### HOW TO COMPLETE THIS TASK:
Note each line in the data holding the string "radius" and report it.

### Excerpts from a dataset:
******
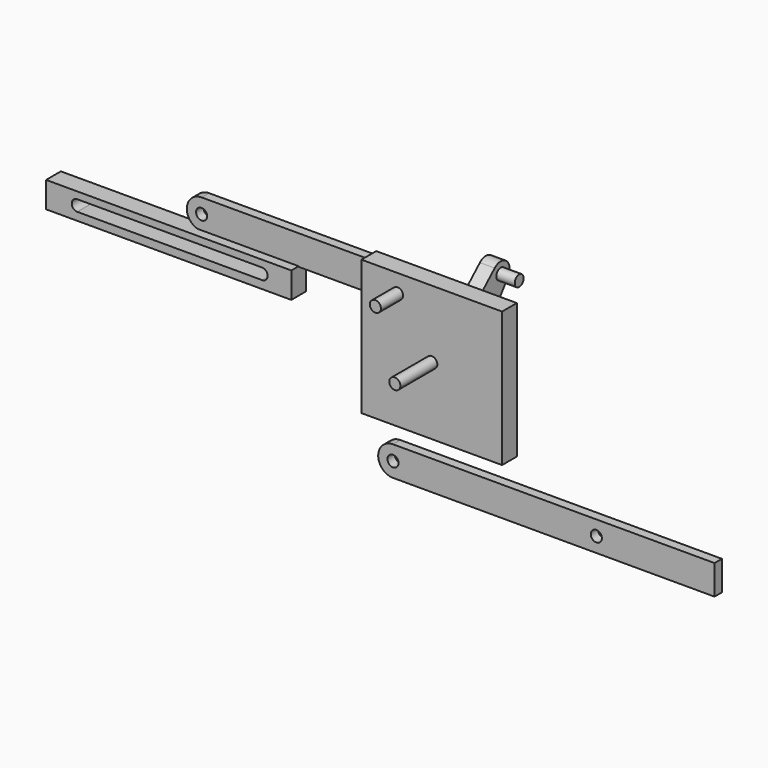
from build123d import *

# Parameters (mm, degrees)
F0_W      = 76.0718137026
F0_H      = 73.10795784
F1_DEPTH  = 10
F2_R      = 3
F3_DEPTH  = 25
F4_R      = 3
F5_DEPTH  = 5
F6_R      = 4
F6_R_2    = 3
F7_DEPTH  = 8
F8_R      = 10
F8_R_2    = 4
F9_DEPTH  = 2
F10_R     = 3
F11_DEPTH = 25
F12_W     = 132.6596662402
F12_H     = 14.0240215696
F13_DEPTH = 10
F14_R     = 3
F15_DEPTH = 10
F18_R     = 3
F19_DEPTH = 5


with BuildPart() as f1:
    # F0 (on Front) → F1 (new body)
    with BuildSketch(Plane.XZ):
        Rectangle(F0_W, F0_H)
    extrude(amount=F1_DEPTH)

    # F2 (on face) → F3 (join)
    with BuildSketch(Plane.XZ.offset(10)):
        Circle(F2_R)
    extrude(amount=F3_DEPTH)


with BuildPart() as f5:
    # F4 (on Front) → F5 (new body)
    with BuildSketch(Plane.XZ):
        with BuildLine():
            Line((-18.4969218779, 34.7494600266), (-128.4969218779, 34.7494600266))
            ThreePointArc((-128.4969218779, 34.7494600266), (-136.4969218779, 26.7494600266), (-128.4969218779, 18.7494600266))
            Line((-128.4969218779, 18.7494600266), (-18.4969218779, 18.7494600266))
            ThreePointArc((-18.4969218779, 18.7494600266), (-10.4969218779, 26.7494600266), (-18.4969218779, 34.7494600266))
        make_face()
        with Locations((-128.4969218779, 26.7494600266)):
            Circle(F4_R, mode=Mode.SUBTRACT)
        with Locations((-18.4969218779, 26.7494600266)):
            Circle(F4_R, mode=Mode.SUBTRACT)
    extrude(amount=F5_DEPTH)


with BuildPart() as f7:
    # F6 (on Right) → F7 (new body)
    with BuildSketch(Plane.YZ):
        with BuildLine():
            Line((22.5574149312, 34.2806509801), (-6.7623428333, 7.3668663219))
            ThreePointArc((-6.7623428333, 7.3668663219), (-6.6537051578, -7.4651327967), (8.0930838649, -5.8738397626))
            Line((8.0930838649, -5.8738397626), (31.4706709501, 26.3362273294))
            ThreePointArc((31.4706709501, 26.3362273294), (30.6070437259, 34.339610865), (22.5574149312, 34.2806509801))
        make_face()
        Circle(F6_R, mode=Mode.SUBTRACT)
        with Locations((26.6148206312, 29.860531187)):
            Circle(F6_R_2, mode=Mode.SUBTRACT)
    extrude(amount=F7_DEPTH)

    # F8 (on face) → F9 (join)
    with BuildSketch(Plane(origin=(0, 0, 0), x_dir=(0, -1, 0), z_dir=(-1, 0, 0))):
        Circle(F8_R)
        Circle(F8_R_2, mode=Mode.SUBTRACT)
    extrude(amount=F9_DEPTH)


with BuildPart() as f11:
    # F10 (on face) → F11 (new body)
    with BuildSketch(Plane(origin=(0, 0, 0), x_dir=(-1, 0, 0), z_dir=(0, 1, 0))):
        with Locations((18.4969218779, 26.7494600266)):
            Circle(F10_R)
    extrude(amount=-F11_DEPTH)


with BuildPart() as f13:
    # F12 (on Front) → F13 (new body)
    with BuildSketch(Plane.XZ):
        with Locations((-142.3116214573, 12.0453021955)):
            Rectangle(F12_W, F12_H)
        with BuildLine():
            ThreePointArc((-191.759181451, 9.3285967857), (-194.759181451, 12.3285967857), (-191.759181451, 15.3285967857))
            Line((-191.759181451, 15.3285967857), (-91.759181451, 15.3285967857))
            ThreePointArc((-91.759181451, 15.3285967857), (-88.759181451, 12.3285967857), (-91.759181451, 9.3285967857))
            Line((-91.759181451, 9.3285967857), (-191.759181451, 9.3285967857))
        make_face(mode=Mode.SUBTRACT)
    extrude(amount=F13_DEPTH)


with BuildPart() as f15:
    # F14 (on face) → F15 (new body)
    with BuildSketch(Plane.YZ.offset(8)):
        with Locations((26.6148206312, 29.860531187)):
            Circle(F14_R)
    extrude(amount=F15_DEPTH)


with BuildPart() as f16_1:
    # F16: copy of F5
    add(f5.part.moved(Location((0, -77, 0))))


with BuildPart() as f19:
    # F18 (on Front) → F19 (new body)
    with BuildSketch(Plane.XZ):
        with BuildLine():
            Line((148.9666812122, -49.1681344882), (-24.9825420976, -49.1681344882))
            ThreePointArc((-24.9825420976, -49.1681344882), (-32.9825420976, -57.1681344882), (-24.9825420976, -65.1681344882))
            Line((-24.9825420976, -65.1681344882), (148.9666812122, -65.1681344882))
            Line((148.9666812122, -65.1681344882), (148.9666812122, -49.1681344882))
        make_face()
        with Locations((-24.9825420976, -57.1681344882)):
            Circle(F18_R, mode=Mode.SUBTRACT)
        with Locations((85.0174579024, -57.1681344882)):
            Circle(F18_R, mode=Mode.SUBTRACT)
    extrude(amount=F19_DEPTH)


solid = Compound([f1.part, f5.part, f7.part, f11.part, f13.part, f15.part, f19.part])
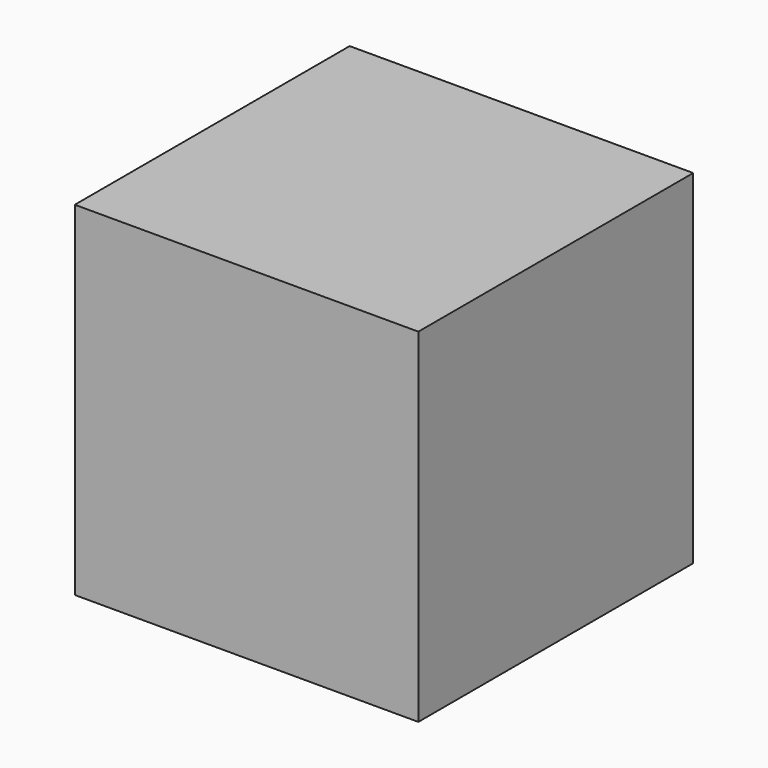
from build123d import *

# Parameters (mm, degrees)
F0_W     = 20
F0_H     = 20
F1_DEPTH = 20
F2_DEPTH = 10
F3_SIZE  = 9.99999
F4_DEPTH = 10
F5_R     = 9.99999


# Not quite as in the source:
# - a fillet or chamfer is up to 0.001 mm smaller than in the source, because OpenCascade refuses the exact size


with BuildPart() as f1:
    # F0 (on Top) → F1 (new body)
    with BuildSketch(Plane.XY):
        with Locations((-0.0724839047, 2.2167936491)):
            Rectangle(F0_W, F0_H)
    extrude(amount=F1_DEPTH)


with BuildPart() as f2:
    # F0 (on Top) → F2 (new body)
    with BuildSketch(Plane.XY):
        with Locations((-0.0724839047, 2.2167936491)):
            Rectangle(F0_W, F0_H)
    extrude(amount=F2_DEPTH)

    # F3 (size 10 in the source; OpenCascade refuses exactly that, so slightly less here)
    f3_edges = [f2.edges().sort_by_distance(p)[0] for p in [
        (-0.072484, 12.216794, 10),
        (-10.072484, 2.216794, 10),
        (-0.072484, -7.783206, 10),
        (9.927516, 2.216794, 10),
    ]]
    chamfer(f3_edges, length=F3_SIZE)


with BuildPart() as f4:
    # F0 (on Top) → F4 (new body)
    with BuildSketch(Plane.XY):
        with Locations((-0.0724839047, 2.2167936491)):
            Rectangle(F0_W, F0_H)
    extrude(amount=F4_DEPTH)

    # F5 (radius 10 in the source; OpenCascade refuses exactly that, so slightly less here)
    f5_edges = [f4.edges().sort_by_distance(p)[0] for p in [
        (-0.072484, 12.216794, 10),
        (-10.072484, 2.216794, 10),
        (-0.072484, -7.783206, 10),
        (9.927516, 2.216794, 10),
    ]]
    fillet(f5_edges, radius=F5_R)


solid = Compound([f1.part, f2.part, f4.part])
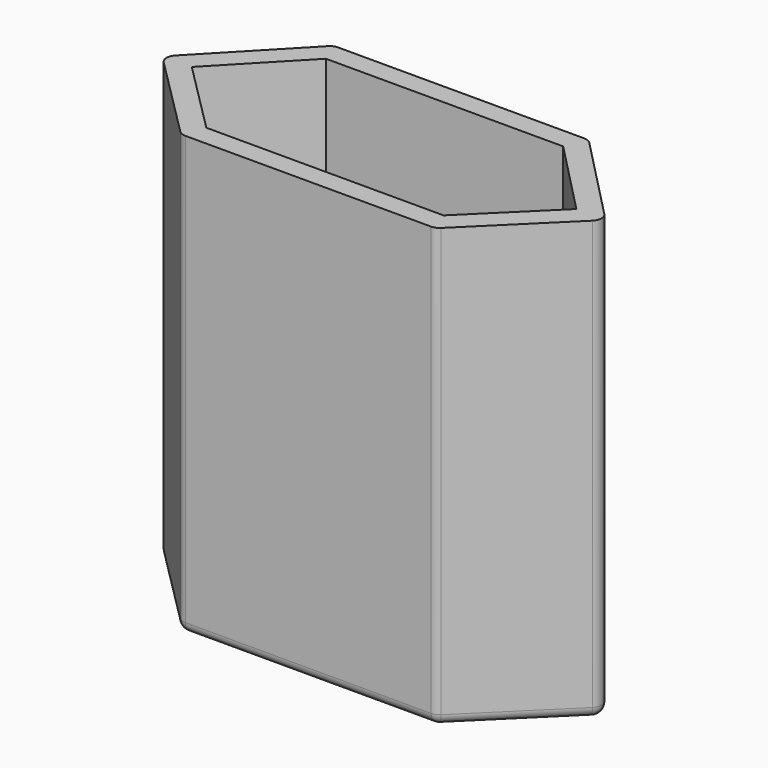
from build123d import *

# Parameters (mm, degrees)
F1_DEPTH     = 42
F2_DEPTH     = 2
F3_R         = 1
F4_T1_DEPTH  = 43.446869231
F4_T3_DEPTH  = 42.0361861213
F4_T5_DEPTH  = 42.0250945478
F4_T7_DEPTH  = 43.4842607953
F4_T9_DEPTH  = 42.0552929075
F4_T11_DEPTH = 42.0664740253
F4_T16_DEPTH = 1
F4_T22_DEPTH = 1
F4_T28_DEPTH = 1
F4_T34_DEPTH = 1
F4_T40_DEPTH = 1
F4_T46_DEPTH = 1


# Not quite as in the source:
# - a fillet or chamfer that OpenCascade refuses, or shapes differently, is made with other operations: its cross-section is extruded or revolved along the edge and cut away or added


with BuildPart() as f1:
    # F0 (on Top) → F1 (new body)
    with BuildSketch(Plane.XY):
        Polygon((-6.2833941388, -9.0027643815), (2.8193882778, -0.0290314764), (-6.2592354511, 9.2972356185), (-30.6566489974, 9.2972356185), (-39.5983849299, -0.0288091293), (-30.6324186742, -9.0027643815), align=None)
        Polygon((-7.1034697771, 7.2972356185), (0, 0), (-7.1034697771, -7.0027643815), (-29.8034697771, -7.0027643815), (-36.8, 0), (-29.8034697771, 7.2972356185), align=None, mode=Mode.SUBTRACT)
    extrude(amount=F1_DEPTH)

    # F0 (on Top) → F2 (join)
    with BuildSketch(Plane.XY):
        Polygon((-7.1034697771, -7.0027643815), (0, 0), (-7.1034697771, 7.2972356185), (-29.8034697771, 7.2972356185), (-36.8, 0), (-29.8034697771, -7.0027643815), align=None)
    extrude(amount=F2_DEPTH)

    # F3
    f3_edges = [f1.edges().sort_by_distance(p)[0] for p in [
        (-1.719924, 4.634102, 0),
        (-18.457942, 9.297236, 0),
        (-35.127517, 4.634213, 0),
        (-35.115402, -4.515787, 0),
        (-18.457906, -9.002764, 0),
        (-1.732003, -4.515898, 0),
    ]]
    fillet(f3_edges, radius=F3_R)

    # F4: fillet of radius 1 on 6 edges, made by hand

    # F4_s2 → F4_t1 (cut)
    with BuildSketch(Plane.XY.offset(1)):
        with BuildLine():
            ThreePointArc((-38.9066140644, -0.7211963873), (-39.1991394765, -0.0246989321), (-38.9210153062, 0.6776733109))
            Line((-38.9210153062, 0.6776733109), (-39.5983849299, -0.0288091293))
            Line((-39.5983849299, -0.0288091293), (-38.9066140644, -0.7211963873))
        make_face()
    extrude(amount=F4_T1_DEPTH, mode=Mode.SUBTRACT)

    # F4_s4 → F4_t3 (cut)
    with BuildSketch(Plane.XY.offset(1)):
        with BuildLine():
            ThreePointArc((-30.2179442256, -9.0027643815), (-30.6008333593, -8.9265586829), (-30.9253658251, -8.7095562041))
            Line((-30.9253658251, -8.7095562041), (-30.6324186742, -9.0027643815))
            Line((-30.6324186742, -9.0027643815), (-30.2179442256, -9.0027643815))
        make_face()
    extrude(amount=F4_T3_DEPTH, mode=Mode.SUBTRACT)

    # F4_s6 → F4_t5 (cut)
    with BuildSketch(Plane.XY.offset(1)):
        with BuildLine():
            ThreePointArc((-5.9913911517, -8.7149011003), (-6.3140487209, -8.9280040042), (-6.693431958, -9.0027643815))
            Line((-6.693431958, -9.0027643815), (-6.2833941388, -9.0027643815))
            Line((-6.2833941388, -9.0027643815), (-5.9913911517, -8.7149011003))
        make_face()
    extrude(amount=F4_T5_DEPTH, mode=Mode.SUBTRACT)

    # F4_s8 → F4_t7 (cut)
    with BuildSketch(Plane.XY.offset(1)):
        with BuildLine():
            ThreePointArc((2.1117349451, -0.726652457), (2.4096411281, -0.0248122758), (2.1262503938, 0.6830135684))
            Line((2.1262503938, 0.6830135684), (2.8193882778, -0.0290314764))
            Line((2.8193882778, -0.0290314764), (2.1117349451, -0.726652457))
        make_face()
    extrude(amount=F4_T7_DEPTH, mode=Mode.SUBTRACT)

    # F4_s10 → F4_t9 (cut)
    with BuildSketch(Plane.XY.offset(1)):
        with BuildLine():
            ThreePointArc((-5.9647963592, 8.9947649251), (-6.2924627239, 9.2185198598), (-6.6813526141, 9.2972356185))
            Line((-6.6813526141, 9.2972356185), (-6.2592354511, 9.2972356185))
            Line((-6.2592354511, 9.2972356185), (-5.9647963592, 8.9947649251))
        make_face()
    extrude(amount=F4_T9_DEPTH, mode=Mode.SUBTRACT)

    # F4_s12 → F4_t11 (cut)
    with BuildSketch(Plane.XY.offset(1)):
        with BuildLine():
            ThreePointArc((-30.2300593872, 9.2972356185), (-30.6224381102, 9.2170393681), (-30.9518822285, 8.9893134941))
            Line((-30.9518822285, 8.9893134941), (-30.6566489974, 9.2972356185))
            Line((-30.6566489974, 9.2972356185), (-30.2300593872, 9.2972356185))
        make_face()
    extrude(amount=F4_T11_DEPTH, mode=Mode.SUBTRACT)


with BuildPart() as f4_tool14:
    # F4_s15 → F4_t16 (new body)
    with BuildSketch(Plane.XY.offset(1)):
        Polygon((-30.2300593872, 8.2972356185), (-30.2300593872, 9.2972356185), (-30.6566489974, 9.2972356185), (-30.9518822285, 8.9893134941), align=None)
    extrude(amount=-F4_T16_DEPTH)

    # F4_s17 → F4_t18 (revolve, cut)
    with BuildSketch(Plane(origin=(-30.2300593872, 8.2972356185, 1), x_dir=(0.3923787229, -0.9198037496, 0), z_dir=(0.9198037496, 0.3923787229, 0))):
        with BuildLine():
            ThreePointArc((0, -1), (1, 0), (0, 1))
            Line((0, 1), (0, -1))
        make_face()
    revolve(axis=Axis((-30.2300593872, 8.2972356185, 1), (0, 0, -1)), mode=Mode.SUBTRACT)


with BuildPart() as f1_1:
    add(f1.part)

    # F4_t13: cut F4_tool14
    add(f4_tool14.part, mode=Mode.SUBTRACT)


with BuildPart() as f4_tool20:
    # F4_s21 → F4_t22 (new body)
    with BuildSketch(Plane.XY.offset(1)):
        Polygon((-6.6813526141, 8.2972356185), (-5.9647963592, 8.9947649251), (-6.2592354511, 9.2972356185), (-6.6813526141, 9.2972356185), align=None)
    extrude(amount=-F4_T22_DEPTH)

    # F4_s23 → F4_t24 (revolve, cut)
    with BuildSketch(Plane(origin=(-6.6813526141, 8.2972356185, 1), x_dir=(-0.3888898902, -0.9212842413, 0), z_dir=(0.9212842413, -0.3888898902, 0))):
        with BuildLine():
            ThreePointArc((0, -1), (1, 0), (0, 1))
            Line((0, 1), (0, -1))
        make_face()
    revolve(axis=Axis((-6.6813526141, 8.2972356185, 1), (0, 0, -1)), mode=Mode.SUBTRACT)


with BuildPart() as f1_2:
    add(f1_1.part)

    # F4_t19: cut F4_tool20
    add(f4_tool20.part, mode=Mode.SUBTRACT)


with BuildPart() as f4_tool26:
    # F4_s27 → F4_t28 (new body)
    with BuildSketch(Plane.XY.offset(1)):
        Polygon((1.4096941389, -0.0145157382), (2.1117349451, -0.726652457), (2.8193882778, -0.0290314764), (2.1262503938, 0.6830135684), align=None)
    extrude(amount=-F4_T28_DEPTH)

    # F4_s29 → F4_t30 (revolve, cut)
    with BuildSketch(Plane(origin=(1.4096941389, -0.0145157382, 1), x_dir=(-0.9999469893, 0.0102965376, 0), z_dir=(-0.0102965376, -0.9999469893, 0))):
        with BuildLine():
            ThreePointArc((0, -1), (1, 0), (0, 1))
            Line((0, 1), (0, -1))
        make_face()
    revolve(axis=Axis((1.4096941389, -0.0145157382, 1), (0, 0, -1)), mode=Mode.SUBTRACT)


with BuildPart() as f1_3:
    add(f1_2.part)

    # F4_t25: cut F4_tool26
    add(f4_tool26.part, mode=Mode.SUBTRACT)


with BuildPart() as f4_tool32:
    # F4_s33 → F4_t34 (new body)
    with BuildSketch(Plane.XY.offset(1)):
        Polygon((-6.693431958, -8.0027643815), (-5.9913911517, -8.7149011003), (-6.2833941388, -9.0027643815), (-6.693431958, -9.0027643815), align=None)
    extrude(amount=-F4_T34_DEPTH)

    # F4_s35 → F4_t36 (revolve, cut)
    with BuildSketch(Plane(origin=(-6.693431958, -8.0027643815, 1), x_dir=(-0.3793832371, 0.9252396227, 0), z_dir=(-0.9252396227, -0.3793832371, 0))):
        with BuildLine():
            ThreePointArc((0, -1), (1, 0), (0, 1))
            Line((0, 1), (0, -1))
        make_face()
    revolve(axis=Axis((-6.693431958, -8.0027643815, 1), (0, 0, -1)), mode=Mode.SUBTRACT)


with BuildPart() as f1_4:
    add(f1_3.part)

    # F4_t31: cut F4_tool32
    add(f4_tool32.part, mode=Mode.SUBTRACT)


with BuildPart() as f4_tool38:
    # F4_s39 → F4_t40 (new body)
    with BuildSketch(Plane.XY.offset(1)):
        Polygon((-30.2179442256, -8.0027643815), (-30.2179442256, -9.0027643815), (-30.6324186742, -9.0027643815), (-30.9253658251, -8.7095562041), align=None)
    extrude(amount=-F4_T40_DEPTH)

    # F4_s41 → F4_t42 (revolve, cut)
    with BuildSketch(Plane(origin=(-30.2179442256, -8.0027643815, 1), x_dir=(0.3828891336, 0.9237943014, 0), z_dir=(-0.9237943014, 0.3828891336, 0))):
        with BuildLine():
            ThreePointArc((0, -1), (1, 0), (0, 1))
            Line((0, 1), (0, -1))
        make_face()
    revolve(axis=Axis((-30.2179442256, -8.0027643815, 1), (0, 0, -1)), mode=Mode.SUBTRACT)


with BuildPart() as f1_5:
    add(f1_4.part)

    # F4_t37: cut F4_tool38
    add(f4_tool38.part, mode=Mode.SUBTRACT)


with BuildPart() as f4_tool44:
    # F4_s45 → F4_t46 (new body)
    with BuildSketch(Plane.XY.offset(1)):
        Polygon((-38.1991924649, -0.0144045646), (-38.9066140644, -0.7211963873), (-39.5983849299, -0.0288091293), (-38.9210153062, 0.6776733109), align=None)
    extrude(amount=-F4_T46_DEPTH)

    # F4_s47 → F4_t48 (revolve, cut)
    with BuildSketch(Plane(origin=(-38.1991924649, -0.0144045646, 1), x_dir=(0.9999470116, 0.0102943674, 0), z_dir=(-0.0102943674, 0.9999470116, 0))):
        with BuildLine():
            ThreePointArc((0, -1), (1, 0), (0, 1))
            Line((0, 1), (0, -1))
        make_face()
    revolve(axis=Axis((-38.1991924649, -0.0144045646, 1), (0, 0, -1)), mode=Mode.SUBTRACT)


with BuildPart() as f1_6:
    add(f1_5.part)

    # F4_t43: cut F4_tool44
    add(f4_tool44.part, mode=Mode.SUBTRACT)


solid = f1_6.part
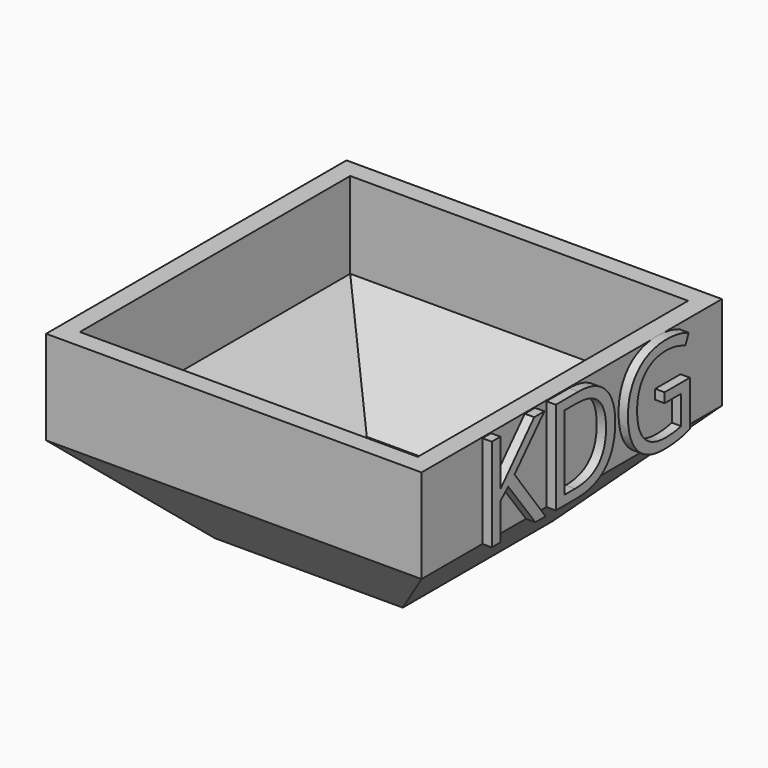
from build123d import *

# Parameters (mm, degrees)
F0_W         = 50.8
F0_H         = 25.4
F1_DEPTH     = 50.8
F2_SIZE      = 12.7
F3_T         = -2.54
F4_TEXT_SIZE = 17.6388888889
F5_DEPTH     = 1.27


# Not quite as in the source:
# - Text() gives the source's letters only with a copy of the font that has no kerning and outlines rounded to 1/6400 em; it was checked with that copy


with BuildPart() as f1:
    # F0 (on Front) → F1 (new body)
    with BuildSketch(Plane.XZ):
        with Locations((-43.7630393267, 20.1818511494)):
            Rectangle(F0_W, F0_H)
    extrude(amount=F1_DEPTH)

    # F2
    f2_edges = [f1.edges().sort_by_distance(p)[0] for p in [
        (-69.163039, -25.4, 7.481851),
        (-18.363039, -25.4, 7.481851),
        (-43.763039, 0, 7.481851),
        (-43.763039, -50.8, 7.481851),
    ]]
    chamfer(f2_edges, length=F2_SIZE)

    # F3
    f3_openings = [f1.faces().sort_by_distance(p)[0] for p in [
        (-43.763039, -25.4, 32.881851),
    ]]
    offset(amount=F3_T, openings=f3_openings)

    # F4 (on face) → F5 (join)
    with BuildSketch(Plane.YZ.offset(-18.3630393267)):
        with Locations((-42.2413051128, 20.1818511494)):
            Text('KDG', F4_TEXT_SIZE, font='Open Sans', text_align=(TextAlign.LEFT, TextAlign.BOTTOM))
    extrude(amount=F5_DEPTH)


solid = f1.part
******
### THE ANSWER:
    # F5 (radius 10 in the source; OpenCascade refuses exactly that, so slightly less here)
    fillet(f5_edges, radius=F5_R)
    fillet(f3_edges, radius=F3_R)
    # F4: fillet of radius 1 on 6 edges, made by hand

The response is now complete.